Akute Platznot im Schulhaus

Im Schulhaus Hebel besteht aufgrund steigender Schülerzahlen seit geraumer Zeit akute Platznot. Ausserdem sind Teile des ehrwürdigen Gebäudes dringend sanierungsbedürftig. Dem Stadtrat sei bewusst, dass die prekäre Raumsituation baldmöglichst entschärft werden müsse, betonte Markus Buschor am Dienstagabend. In der Zwischenzeit habe der Stadtrat den Projektierungskredit gesprochen. Die weiteren Schritte sehen laut Buschor die Projektierung bis Sommer 2015 vor. Anschliessend muss das Vorhaben dem Stadtparlament unterbreitet werden. Sagt es Ende 2015 Ja dazu, könnten Anfang 2017 der Dachstock ausgebaut und die Sanierungsarbeiten im Gebäudeinnern abgeschlossen sein.

Neubau für Tagesbetreuung

Ein grösseres Projekt steht mit dem geplanten Neubau für die Tagesbetreuung an. Geplant seien eine Machbarkeitsstudie mit Evaluation des Standorts und ein Projektwettbewerb, dessen Resultate bis Ende 2015 vorliegen sollten, erklärte Andreas Horlacher. In St. Georgen gebe es vor allem nachmittags noch freie Plätze bei dem Angebot, fügte Markus Buschor an.

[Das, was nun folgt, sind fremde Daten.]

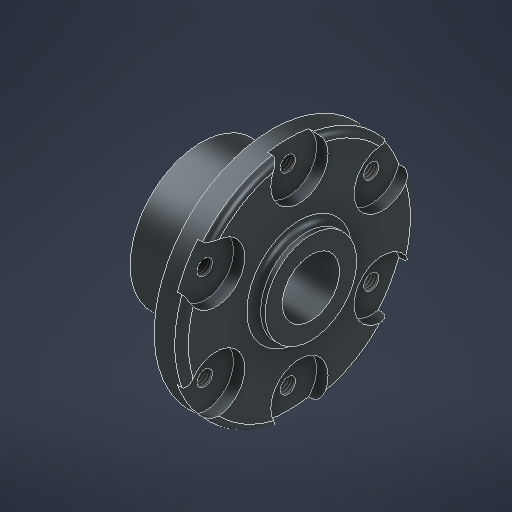
# Autodesk Inventor part: END CAP
Saved by Autodesk Inventor 2026.1 (Build 301233020, 233B)
## iProperties
Created: 2025-10-07
Part Number: END CAP
Material: Iron, Cast
Document SubType Name: Modeling
Designer: elaij
Density: 7.15 g/cm^3
Appearance: Iron Gray
Author: elaij
Autodesk Inventor part; units mm, degrees
ref_plane "YZ Plane" through (0, 0, 0) normal (1, 0, 0) x (0, 1, 0)
ref_plane "XZ Plane" through (0, 0, 0) normal (0, 1, 0) x (-1, 0, 0)
ref_plane "XY Plane" through (0, 0, 0) normal (0, 0, 1) x (1, 0, 0)
sketch "Sketch1" plane through (0, 0, 0) normal (1, 0, 0) x (0, 1, 0)
  circle A0 centre (0, 0) radius 51.5
  circle A1 centre (0, 0) radius 31
  circle A2 centre (0, 0) radius 11
  dimension "d0" = 103
  dimension "d2" = 62
  dimension "d3" = 22
  constraints: 3 centre point, 3 coincident
  measures "d0" diameter of A0
  measures "d2" diameter of A1
  measures "d3" diameter of A2
extrude "Extrusion1" add sketch "Sketch1" along normal blind 12 contours A0 | A1 | A2
sketch "Sketch3" plane through (0, 0, 0) normal (-1, 0, 0) x (0, 0, 1)
  circle A0 centre (0, 0) radius 11 projected
  circle A1 centre (0, 0) radius 31
  dimension "d13" = 62
  constraints: 1 centre point, 1 coincident
  measures "d13" diameter of A1
extrude "Extrusion2" add sketch "Sketch3" along normal blind 60 contours A0 | A1
sketch "Sketch4" plane through (12, 0, 0) normal (1, 0, 0) x (0, 0, -1)
  circle A0 centre (0, 0) radius 20
  dimension "d16" = 40
  constraints: 1 centre point, 1 coincident
  measures "d16" diameter of A0
extrude "Extrusion3" add sketch "Sketch4" along normal blind 5
sketch "Sketch6" plane through (12, 0, 0) normal (1, 0, 0) x (0, 0, -1)
  circle A0 centre (0, 0) radius 11 projected
  circle A1 centre (0, 0) radius 42
  line L0 (0, 0) -> (0, 42)
  point P0 (0.0095, 11)
  point P1 (0.0095, -11)
  point P2 (-36.3731, 21)
  point P3 (-36.3731, -21)
  point P4 (0, -42)
  point P5 (36.3731, -21)
  point P6 (36.3731, 21)
  dimension "d30" = 84
  dimension "d28" = 360
  constraints: 2 coincident, 2 end point, 1 vertical, 1 vertical alignment, 9 other
hole "Hole3" at (12, 42, 0) at (12, 21, 36.3731) at (12, -21, 36.3731) at (12, -42, 0) at (12, -21, -36.3731) at (12, 21, -36.3731) direction (-1, 0, 0) diameter 6.647 end through all counterbore diameter 25 counterbore depth 5 thread size "M8x1.25" class "6H" standard "ISO Metric profile"
thread "Thread1" size "M8x1.25" class "6H" standard "ANSI Metric M Profile" full length
sketch "Sketch7" plane through (17, 0, 0) normal (1, 0, 0) x (0, 0, -1)
  circle A0 centre (0, 0) radius 20 projected
  circle A1 centre (0, 0) radius 12.5
  dimension "d40" = 25
  constraints: 1 centre point, 1 coincident
  measures "d40" diameter of A1
extrude "Extrusion4" cut sketch "Sketch7" against normal blind 100 contours A1
fillet "Fillet1" radius 3 6 edges at (12, 44.6003, 25.75) (12, 0, 51.5) (12, -44.6003, 25.75) (12, -44.6003, -25.75) (12, 0, -51.5) (12, 44.6003, -25.75)
fillet "Fillet2" radius 3 1 edges at (12, 0, 20)
sketch "Sketch8" plane through (-60, 0, 0) normal (-1, 0, 0) x (0, 0, 1)
  circle A0 centre (0, 0) radius 23.5
  dimension "d45" = 47
  constraints: 1 centre point, 1 coincident
  measures "d45" diameter of A0
extrude "Extrusion5" cut sketch "Sketch8" against normal blind 55
sketch "Sketch9" plane through (-60, 0, 0) normal (-1, 0, 0) x (0, 0, 1)
  circle A0 centre (0, 0) radius 11 projected
  circle A1 centre (0, 0) radius 31
  circle A2 centre (0, 0) radius 31 projected
  constraints: 1 centre point, 1 coincident, 1 concentric
extrude "Extrusion6" cut sketch "Sketch9" against normal blind 29 contours A0 | A1
chamfer "Chamfer1" distance 5 angle 15 1 edges at (-31, 0, -23.5) measured on face at (-30.5, 0, -23.5)
body "Solid1"
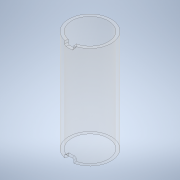
# Autodesk Inventor part: HSI
Saved by Autodesk Inventor 2022 (Build 260153000, 153)
## iProperties
Created: 2022-03-30
Part Number: HSI
Material: Polycarbonate, Clear
Document SubType Name: Modeling
Designer: RNG3nius
Density: 1.2 g/cm^3
Appearance: Polycarbonate - Clear
Mass: 74.1116 g
Surface Area: 571.047 cm^2
Volume: 61.7597 cm^3
Author: RNG3nius
Autodesk Inventor part; units mm, degrees
ref_plane "YZ Plane" through (0, 0, 0) normal (1, 0, 0) x (0, 1, 0)
ref_plane "XZ Plane" through (0, 0, 0) normal (0, 1, 0) x (-1, 0, 0)
ref_plane "XY Plane" through (0, 0, 0) normal (0, 0, 1) x (1, 0, 0)
sketch "Sketch5" plane through (0, 0, 0) normal (0, 1, 0) x (-1, 0, 0)
  circle A0 centre (0, 0) radius 28.8
  circle A1 centre (0, 0) radius 24.8
  dimension "d26" = 57.6
  dimension "d27" = 49.6
  constraints: 2 centre point, 2 coincident
  measures "d26" diameter of A0
  measures "d27" diameter of A1
extrude "Extrusion3" add sketch "Sketch5" along normal blind 138.4
sketch "Sketch6" plane through (0, 0, 0) normal (1, 0, 0) x (0, 1, 0)
  line L0 (138.4, 24.8) -> (0, 24.8) projected
  line L1 (0, 28.8) -> (138.4, 28.8) projected
  line L2 (0, -28.8) -> (0, 28.8) projected
  line L3 (0, 28.8) -> (5.6, 28.8)
  line L4 (5.6, 28.8) -> (5.6, 24.8)
  line L5 (5.6, 24.8) -> (0, 24.8)
  line L6 (0, 24.8) -> (0, 28.8)
  line L7 (138.4, -28.8) -> (138.4, 28.8) projected
  line L8 (138.4, 28.8) -> (132.8, 28.8)
  line L9 (132.8, 28.8) -> (132.8, 24.8)
  line L10 (132.8, 24.8) -> (138.4, 24.8)
  line L11 (138.4, 24.8) -> (138.4, 28.8)
  line L12 (-27.68, 0) -> (166.08, 0) projected
  point P0 (0, 0)
  dimension "d31" = 5.6
  dimension "d32" = 4
  dimension "d33" = 5.6
  dimension "d34" = 4
  constraints: 16 end point, 4 parallel, 2 horizontal, 2 perpendicular
  measures "d31" distance of L4.end L5.end
  measures "d32" distance of L3.end L4.end
  measures "d33" distance of L10.end L9.end
  measures "d34" distance of L9.end L8.end
revolve "Revolution2" cut sketch "Sketch6" angle 12.51 about axis through (0, -10, 0) along (0, 1, 0) and the other way 12.51 contours L0 L9 L1 L7 | L0 L2 L1 L4
fillet "Fillet3" radius 2 4 edges at (-5.8051, 5.6, 26.1637) (5.8051, 5.6, 26.1637) (-5.8051, 132.8, 26.1637) (5.8051, 132.8, 26.1637)
body "Solid2"

Auch ein Standort für einen fünften Kindergarten ist mit grosser Wahrscheinlichkeit gefunden. Geplant ist, an der St. Georgen-Strasse 215 das ganze Erdgeschoss zu nutzen und einen zweiten Kindergarten einzurichten. Dazu sei die Schaffung von Stockwerkeigentum geplant. Die Zustimmung des Stadtrats zum Beschluss vorausgesetzt, kann der Kindergarten nach baulichen Anpassungen im Sommer 2015 eröffnet werden.